Odell Friek: sneak peek at new beer

FRIEK-Label-Final-TTB

(Fort Collins, CO) – Another chapter in our interview series featuring the projects at Odell Brewing

The next beer to be released in the Single Serve Series is Odell Friek. This one has seen some very limited time on tap thus far but will be made available for the first time in bottles this winter. Here’s what Odell brewer, Joe Mohrfeld, had to say about the beer.

What was the impetus for the exploration of this beer?

Friek has been an ongoing experimentation into the world of Belgian-inspired sour ales. Blending characteristics of a Kriek with those of a Framboise, it is an evolution, an imaginative amalgamation, invented by our brewers.

The thought process for the project began five years ago and we brewed the first micro-pilot 10 gallon batch of Kriek 3.5 years ago using colorado cherries on a modified homebrew system. We felt that raspberries when added fresh would complement the lactic sourness and play off the rich pie-like characteristics of the cherries to provide more depth and complexity to this beer.

Our upcoming release of Friek differs very little from this initial batch, except for the increased volume we made so that this time we could share it with people outside of the brewery.

When were the batches for this first brewed and when were the cherries added? What yeasts are you using?

This current batch of Friek started with a Belgian Lambic-inspired base beer, the first of which was brewed just over three years ago. We brewed a number of pilot batches over the past three years, adding cherries to them during and right after fermentation prior to the barrel aging process. These older batches were later blended into a larger 50bbl brew that we did over a year ago. To this new batch, we added 3,000 lbs of organic whole sweet cherries and 1,000 lbs of organic whole tart cherries from Big B’s Delicious Orchards in Paonia, CO.

We are using a variety of wild yeasts in this beer, including our two house Brettanomyces strains from Saboteur and Deconstruction, as well as bacteria in the barrel aging process to achieve an appropriate amount of brett-funkiness and acidic sourness.

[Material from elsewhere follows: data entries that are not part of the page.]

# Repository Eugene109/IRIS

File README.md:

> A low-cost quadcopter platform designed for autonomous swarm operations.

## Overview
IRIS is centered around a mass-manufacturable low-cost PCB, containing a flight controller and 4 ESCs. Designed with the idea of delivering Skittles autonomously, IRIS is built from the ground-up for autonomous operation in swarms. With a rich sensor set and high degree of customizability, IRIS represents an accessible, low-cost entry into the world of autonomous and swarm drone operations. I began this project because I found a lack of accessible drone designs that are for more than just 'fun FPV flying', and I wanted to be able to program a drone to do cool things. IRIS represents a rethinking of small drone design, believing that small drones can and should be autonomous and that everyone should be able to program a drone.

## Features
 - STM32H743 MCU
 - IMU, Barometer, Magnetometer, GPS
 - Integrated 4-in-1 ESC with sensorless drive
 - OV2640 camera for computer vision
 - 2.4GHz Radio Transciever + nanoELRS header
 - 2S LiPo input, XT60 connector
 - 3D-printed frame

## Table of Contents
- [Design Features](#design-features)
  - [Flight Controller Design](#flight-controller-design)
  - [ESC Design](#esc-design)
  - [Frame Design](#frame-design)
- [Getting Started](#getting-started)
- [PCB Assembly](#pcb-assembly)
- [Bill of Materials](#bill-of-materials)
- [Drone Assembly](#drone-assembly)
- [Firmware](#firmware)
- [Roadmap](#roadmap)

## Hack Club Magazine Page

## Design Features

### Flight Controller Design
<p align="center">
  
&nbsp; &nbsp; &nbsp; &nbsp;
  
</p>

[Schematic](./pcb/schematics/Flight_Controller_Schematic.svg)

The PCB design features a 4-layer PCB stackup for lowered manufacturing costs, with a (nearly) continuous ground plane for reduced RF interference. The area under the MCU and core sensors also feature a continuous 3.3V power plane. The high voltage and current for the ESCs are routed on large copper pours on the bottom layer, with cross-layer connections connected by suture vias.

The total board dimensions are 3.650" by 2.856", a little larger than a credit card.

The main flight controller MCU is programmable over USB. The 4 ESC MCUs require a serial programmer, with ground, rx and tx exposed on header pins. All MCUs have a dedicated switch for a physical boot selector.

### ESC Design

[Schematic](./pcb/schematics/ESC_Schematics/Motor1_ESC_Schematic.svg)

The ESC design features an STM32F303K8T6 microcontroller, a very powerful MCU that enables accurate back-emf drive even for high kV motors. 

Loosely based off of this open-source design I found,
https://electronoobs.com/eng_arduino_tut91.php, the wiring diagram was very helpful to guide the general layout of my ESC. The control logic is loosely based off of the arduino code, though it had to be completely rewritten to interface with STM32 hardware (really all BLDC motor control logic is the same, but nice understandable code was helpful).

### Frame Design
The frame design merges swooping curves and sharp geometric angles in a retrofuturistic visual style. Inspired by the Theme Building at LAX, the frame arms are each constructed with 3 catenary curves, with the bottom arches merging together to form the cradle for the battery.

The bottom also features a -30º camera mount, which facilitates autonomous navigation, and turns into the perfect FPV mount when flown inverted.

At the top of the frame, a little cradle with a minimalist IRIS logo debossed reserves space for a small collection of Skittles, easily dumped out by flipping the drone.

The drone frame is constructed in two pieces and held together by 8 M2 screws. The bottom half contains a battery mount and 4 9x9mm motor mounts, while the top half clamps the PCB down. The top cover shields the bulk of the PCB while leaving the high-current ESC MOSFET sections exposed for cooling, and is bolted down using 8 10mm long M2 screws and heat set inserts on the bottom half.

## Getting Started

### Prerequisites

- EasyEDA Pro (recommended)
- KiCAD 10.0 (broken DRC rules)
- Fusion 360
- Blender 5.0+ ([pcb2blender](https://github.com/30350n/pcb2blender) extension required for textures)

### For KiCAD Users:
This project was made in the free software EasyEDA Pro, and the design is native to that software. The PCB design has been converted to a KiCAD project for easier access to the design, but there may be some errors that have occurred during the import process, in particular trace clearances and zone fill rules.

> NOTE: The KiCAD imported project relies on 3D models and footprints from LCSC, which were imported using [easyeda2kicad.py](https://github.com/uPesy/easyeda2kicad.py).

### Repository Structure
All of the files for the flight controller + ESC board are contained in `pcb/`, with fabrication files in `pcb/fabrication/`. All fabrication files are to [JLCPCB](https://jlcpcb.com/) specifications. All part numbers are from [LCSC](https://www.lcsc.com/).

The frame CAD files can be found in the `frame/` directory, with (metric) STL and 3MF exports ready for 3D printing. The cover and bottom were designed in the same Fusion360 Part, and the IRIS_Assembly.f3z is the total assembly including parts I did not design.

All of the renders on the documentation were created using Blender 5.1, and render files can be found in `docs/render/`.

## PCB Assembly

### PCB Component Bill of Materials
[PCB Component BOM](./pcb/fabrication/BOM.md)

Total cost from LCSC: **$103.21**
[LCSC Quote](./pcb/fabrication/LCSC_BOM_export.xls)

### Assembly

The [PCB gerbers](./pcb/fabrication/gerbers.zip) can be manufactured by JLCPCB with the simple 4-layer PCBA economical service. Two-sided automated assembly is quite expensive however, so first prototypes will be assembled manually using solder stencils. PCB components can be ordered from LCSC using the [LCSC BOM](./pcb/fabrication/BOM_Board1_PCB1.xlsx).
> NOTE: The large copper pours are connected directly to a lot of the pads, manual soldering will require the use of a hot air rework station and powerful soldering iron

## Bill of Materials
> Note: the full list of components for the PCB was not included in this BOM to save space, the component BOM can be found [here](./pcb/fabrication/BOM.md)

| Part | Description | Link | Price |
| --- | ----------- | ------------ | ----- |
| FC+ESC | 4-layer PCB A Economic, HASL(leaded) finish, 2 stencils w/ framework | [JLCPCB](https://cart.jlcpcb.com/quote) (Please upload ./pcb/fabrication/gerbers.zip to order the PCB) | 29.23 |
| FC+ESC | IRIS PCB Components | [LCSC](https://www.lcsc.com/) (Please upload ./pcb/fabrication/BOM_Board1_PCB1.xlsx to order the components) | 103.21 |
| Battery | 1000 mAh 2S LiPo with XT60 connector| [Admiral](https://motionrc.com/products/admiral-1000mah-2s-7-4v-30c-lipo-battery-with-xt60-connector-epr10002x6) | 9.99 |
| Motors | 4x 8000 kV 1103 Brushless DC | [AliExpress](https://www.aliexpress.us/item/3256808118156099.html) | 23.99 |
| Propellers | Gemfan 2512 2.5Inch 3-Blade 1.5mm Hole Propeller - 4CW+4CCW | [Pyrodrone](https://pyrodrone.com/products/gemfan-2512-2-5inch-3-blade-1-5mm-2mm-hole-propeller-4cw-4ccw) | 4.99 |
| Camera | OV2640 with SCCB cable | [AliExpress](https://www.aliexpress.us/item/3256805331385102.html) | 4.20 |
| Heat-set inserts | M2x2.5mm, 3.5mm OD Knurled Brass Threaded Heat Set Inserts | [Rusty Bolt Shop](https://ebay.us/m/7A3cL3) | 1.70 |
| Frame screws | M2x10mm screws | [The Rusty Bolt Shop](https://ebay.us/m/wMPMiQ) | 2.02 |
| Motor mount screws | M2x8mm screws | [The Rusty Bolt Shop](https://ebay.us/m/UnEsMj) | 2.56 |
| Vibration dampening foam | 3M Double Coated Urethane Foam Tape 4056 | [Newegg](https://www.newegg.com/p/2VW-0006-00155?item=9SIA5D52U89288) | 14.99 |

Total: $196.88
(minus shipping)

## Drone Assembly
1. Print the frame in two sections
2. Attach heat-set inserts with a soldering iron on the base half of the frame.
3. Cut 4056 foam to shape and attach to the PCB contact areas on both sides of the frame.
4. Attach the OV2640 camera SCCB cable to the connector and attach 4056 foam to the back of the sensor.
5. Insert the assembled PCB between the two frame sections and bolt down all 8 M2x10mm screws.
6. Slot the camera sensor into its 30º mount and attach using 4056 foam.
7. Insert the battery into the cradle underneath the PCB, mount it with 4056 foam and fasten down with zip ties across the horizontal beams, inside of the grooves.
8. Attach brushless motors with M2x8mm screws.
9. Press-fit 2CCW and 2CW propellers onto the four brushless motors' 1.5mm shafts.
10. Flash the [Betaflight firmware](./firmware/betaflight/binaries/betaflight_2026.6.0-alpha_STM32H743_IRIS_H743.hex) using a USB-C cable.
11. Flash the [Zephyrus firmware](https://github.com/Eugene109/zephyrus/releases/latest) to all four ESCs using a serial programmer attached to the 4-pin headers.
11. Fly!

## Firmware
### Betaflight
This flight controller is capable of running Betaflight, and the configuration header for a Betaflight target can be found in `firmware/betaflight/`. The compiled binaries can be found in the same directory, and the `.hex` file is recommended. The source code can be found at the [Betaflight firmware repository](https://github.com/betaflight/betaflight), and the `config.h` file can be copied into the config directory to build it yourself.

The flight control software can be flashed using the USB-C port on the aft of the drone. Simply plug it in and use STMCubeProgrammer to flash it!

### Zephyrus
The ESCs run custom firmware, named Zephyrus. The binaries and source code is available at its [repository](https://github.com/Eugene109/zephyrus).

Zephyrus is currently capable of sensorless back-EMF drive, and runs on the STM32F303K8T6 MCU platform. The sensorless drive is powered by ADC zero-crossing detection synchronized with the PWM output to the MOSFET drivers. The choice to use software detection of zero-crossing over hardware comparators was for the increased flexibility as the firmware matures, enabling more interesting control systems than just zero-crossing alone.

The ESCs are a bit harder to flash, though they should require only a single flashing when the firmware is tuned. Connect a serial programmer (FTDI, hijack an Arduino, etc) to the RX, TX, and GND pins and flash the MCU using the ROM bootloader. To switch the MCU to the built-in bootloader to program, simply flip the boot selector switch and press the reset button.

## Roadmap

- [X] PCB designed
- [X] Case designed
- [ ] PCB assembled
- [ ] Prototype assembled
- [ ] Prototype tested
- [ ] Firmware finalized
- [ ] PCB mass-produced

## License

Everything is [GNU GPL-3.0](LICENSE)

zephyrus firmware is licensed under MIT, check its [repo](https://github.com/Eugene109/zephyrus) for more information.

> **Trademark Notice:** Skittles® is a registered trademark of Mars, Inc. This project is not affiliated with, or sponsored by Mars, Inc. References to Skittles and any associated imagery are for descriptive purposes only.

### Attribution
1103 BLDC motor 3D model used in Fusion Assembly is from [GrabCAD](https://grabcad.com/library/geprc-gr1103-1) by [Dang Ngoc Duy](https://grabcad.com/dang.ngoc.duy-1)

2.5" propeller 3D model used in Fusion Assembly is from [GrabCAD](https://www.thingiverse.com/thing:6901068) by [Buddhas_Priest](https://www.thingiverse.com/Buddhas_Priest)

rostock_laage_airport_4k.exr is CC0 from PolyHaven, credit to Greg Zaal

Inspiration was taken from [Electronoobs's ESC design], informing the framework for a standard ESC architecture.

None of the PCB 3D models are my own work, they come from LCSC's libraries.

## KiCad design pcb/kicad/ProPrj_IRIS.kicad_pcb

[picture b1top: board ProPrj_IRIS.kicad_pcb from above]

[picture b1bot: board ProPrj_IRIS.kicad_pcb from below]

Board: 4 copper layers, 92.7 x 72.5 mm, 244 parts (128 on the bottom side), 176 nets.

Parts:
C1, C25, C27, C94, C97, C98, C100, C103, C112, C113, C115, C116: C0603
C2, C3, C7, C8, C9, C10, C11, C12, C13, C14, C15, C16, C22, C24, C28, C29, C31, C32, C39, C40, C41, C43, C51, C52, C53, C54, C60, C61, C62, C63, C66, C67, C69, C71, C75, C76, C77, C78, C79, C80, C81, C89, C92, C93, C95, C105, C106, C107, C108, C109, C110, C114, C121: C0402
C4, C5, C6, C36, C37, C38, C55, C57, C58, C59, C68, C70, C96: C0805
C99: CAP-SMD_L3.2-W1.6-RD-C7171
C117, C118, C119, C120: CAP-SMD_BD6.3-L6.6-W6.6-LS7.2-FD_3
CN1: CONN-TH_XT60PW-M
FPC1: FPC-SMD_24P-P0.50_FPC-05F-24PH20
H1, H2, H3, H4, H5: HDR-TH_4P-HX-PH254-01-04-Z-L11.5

When were the raspberries added? What did you learn from the pilot batches that told you to start with the kriek and then add raspberries in the latter stages?

This past fall, during the raspberry harvest we once again hand picked organic raspberries with our friends at Schroyer Farms and have added them to our final blend right before bottling. By adding them late in the process, we preserve the bright tartness of the raspberry and compliment the richer cherry characteristics that have developed during the aging process. This process does make the ratio of cherries to raspberries pretty disproportionate to favoring cherries, but throughout numerous pilot brews and blends we are extremely happy with this blending technique and believe that it provides a great representation of each fruit in the final blend.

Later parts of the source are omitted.